Output exactly the lines below, starting with the line that has "#138=CIRCLE('',#137,12.7);" and going on through the line that has "#151=DIRECTION('',(0.,0.,1.));", both included, and no other lines.
++++++++
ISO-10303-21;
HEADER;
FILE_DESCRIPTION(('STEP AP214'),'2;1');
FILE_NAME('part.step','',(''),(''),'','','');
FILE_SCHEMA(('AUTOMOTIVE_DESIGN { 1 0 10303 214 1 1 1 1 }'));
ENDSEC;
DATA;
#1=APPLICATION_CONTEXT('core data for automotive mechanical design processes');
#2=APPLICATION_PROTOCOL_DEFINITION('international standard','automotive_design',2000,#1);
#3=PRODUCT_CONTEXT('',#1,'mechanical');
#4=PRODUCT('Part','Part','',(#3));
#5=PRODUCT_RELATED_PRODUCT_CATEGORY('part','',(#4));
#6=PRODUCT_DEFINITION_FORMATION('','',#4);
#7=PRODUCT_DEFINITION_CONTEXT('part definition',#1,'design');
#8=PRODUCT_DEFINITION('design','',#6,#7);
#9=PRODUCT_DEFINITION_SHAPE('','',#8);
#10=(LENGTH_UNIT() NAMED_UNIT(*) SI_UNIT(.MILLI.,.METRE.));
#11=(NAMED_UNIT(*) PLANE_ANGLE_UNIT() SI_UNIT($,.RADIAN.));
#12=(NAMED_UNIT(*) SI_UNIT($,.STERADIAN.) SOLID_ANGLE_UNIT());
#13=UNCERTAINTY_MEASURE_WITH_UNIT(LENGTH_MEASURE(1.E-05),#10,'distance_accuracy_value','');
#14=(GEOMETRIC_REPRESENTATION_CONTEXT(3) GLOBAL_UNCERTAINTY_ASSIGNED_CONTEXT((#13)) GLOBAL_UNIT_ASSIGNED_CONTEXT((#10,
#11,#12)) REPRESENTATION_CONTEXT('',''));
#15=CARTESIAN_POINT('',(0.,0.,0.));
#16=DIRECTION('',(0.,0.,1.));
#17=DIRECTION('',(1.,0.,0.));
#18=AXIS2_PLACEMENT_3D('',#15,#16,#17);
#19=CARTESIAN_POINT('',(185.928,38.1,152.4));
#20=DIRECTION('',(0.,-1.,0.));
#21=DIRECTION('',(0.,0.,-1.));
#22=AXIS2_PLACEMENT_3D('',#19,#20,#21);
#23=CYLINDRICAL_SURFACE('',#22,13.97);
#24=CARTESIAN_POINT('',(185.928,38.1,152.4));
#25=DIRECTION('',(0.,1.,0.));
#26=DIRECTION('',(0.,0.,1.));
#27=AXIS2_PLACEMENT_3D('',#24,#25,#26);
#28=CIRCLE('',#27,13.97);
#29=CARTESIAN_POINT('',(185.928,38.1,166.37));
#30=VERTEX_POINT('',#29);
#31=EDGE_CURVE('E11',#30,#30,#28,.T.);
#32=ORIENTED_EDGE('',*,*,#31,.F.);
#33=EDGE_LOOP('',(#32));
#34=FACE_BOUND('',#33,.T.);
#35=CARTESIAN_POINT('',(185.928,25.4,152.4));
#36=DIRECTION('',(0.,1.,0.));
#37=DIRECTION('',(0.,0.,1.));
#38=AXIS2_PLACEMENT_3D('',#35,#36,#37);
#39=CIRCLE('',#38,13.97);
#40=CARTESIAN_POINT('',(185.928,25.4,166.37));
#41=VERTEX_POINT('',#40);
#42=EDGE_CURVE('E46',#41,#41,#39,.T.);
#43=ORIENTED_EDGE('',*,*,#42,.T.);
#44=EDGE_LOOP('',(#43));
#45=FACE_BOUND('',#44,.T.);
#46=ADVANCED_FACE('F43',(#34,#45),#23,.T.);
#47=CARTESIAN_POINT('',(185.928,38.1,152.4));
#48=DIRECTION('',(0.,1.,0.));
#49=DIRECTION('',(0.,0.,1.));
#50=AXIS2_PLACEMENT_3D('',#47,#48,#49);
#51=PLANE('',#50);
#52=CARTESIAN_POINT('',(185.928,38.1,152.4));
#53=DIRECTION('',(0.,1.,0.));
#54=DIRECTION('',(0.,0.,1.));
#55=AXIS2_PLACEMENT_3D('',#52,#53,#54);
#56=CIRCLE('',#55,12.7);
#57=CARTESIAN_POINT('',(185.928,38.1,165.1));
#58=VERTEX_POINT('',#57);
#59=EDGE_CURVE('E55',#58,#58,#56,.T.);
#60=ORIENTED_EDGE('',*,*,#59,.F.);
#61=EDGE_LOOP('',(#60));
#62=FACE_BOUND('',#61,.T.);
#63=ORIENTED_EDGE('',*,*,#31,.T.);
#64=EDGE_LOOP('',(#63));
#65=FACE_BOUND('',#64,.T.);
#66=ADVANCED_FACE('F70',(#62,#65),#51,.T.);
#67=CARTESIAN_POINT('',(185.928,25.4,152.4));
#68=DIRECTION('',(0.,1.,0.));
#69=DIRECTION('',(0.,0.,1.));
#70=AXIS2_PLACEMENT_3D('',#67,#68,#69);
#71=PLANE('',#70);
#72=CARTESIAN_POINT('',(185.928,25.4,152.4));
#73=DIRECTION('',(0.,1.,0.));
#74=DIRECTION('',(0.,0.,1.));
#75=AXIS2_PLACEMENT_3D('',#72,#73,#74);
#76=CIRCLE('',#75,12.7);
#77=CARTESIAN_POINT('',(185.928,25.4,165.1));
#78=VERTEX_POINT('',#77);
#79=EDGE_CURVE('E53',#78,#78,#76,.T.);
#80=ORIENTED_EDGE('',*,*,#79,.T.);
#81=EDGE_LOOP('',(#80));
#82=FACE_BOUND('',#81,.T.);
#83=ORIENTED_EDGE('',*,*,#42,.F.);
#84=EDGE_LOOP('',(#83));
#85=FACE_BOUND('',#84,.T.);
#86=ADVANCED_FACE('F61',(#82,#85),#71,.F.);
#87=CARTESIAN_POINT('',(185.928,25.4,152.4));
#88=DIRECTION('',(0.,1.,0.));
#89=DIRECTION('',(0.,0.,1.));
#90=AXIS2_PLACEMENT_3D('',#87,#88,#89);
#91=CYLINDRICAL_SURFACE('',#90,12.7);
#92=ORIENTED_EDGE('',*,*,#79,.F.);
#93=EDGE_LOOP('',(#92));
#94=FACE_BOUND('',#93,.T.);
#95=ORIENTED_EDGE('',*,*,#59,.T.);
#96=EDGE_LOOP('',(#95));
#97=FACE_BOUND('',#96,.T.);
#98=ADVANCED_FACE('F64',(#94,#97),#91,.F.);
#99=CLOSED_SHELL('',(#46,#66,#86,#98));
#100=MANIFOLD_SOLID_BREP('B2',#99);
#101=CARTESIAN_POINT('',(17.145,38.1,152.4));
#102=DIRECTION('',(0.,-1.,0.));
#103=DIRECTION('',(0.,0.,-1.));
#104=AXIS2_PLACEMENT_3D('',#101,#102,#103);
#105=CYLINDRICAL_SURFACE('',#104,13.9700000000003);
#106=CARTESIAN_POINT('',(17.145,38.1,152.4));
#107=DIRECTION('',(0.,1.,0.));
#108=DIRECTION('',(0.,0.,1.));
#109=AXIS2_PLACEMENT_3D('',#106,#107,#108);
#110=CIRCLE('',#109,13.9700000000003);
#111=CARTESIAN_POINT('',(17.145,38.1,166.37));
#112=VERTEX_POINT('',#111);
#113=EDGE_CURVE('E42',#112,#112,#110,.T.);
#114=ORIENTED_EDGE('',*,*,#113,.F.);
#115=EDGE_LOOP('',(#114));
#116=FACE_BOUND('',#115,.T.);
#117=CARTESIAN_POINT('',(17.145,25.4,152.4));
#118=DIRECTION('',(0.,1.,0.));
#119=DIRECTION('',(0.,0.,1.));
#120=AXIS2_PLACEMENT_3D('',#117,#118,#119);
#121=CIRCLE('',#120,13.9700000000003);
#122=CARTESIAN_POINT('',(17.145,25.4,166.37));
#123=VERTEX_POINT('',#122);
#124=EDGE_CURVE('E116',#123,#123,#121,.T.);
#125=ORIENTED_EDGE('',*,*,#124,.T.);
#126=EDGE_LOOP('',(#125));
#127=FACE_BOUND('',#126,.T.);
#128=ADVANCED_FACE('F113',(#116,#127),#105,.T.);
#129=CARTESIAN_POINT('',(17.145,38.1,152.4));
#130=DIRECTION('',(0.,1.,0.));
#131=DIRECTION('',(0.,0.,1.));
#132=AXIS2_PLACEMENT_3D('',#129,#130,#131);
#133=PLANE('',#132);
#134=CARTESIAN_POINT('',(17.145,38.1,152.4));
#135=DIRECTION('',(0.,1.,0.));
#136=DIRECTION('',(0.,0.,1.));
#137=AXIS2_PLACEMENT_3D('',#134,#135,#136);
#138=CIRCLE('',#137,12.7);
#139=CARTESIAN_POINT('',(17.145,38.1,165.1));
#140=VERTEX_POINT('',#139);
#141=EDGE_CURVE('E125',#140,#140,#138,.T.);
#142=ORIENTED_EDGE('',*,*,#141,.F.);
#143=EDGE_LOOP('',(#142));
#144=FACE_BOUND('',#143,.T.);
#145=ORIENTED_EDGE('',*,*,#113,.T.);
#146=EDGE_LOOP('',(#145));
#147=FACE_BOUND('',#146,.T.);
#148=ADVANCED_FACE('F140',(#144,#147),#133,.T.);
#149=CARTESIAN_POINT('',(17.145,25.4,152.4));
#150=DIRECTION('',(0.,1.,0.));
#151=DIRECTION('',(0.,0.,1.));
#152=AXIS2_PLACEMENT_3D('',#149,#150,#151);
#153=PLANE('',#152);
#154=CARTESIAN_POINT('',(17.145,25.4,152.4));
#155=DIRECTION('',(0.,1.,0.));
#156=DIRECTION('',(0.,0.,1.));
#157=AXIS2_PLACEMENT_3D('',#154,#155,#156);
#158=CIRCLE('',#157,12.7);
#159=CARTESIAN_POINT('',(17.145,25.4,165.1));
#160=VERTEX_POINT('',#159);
++++++++
» Output for this task:
#138=CIRCLE('',#137,12.7);
#139=CARTESIAN_POINT('',(17.145,38.1,165.1));
#140=VERTEX_POINT('',#139);
#141=EDGE_CURVE('E125',#140,#140,#138,.T.);
#142=ORIENTED_EDGE('',*,*,#141,.F.);
#143=EDGE_LOOP('',(#142));
#144=FACE_BOUND('',#143,.T.);
#145=ORIENTED_EDGE('',*,*,#113,.T.);
#146=EDGE_LOOP('',(#145));
#147=FACE_BOUND('',#146,.T.);
#148=ADVANCED_FACE('F140',(#144,#147),#133,.T.);
#149=CARTESIAN_POINT('',(17.145,25.4,152.4));
#150=DIRECTION('',(0.,1.,0.));
#151=DIRECTION('',(0.,0.,1.));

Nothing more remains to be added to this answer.